This work addresses negative transfer in multi-source transfer learning, which often arises from heterogeneity among source tasks. Existing approaches typically optimize either source weights or the number of transferred samples in isolation, neglecting their joint optimization. The authors formulate this challenge as a parameter estimation problem based on KL divergence–derived generalization error and propose a unified asymptotic analysis framework to simultaneously optimize both source weights and sample sizes. Theoretically, they establish—for the first time—that after proper weight adaptation, utilizing all available source samples is optimal, and they provide a closed-form solution for the single-source case along with a convex optimization algorithm for the multi-source setting. Extensive experiments on benchmarks such as DomainNet and Office-Home demonstrate significant improvements over strong baselines, corroborating both the theoretical predictions and practical efficacy of the proposed method.

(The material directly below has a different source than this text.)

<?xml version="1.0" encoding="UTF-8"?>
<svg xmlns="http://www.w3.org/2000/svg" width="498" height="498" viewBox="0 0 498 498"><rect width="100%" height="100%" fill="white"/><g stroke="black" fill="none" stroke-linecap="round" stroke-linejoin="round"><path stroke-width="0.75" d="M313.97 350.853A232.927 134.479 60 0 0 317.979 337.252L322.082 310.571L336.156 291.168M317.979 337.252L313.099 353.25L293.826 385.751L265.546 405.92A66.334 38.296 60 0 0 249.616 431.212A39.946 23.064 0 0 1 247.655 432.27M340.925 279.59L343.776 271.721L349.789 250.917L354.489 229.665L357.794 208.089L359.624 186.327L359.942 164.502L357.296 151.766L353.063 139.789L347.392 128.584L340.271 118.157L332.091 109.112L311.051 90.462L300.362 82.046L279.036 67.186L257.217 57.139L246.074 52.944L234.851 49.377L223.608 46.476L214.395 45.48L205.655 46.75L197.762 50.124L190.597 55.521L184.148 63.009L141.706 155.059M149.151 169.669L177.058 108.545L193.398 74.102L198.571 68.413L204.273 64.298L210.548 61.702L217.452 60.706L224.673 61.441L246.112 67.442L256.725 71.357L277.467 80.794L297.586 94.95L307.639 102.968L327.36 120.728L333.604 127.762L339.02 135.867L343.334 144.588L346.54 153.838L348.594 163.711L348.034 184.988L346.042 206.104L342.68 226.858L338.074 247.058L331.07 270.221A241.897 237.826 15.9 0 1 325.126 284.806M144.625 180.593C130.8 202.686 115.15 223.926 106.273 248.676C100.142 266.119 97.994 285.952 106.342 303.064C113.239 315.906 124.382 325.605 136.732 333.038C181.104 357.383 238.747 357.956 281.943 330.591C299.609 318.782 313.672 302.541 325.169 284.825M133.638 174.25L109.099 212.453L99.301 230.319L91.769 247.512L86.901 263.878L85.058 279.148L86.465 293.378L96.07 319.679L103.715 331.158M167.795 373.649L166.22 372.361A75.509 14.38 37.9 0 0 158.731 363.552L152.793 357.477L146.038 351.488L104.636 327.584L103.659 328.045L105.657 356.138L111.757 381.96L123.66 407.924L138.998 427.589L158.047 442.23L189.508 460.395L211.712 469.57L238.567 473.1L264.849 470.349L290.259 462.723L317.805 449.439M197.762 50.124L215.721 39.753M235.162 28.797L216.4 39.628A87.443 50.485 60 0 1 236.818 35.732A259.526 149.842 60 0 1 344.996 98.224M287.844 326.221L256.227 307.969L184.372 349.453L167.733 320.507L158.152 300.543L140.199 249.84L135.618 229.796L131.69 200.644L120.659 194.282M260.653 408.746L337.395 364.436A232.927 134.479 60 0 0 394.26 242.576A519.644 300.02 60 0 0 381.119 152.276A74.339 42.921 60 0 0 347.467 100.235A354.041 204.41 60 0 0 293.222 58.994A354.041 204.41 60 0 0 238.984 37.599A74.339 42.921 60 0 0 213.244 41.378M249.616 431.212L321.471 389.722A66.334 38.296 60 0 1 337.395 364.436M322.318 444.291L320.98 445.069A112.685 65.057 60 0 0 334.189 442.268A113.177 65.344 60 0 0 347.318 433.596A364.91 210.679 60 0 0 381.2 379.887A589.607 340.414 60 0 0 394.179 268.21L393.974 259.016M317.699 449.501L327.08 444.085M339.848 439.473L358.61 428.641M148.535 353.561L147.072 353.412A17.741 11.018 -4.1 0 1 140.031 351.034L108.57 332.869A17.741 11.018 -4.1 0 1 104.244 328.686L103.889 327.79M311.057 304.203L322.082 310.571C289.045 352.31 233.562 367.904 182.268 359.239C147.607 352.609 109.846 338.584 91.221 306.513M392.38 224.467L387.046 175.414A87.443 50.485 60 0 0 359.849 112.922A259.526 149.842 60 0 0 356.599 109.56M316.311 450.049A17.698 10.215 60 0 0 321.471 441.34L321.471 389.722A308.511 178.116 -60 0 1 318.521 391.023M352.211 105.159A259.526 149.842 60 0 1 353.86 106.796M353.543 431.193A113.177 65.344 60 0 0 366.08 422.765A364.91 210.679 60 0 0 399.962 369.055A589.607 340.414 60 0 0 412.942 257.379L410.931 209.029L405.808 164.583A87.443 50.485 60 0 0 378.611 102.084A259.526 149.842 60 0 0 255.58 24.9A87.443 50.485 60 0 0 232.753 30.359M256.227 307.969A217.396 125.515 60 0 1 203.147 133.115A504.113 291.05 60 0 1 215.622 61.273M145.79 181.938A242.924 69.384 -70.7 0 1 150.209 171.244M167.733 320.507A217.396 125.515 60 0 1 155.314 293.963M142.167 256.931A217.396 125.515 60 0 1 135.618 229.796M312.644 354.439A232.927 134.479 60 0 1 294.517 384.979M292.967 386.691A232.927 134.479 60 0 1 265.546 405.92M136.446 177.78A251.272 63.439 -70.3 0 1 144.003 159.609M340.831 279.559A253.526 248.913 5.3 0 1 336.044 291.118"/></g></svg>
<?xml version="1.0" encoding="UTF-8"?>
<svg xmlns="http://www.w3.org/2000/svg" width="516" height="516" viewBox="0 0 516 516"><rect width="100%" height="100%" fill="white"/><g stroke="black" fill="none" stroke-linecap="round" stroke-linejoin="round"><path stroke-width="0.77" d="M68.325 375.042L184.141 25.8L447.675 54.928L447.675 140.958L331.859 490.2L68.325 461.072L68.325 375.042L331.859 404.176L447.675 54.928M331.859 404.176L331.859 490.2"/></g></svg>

Transfer learning plays a vital role in improving model performance in data-scarce scenarios. However, naive uniform transfer from multiple source tasks may result in negative transfer, highlighting the need to properly balance the contributions of heterogeneous sources. Moreover, existing transfer learning methods typically focus on optimizing either the source weights or the amount of transferred samples, while largely neglecting the joint consideration of the other. In this work, we propose a theoretical framework, Unified Optimization of Weights and Quantities (UOWQ), which formulates multi-source transfer learning as a parameter estimation problem grounded in an asymptotic analysis of a Kullback-Leibler divergence-based generalization error measure. The proposed framework jointly determines the optimal source weights and optimal transfer quantities for each source task. Firstly, we prove that using all available source samples is always optimal once the weights are properly adjusted, and we provide a theoretical explanation for this phenomenon. Moreover, to determine the optimal transfer weights, our analysis yields closed-form solutions in the single-source setting and develops a convex optimization-based numerical procedure for the multi-source case. Building on the theoretical results, we further propose practical algorithms for both multi-source transfer learning and multi-task learning settings. Extensive experiments on real-world benchmarks, including DomainNet and Office-Home, demonstrate that UOWQ consistently outperforms strong baselines. The results validate both the theoretical predictions and the practical effectiveness of our framework.